*PROBLEM*
The entries below are to be returned as written, with all pictures dropped.

(Saved data entries)
===
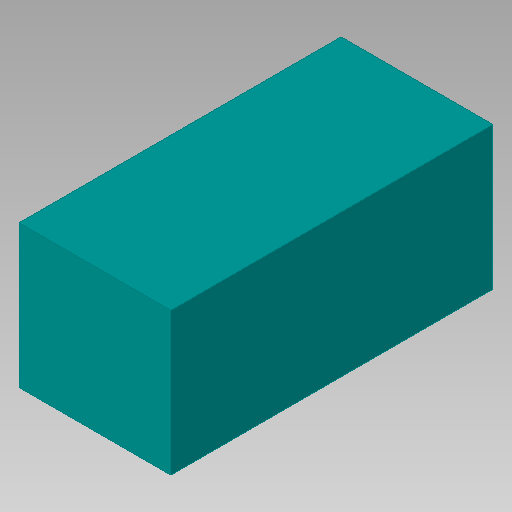
# Autodesk Inventor part: MS_TM
Saved by Autodesk Inventor 2020.1 (Build 241239000, 239)
## iProperties
Created: 2015-11-24
Part Number: MS_TM
Material: Generic
Document SubType Name: Modeling
Designer: PhillipD
Density: 1 g/cm^3
Appearance: MS_TM, MS_TM
Author: PhillipD
Autodesk Inventor part; units mm, degrees
ref_plane "YZ Plane" through (0, 0, 0) normal (1, 0, 0) x (0, 1, 0)
ref_plane "XZ Plane" through (0, 0, 0) normal (0, 1, 0) x (-1, 0, 0)
ref_plane "XY Plane" through (0, 0, 0) normal (0, 0, 1) x (1, 0, 0)
sketch "MS_TM, MS_TM_158" plane through (0, 0, 0) normal (0, 0, 1) x (1, 0, 0)
  line L0 (0, 0.4432) -> (0.4712, 0.4432)
  line L1 (0.4712, 0.4432) -> (0.4712, 0)
  line L2 (0.4712, 0) -> (0, 0)
  line L3 (0, 0) -> (0, 0.4432)
  constraints: 8 end point
extrude "Extrusion1" add sketch "MS_TM, MS_TM_158" along normal blind 1
body "Solid1"
===
*RESULT OF THE TASK*
# Autodesk Inventor part: MS_TM
Saved by Autodesk Inventor 2020.1 (Build 241239000, 239)
## iProperties
Created: 2015-11-24
Part Number: MS_TM
Material: Generic
Document SubType Name: Modeling
Designer: PhillipD
Density: 1 g/cm^3
Appearance: MS_TM, MS_TM
Author: PhillipD
Autodesk Inventor part; units mm, degrees
ref_plane "YZ Plane" through (0, 0, 0) normal (1, 0, 0) x (0, 1, 0)
ref_plane "XZ Plane" through (0, 0, 0) normal (0, 1, 0) x (-1, 0, 0)
ref_plane "XY Plane" through (0, 0, 0) normal (0, 0, 1) x (1, 0, 0)
sketch "MS_TM, MS_TM_158" plane through (0, 0, 0) normal (0, 0, 1) x (1, 0, 0)
  line L0 (0, 0.4432) -> (0.4712, 0.4432)
  line L1 (0.4712, 0.4432) -> (0.4712, 0)
  line L2 (0.4712, 0) -> (0, 0)
  line L3 (0, 0) -> (0, 0.4432)
  constraints: 8 end point
extrude "Extrusion1" add sketch "MS_TM, MS_TM_158" along normal blind 1
body "Solid1"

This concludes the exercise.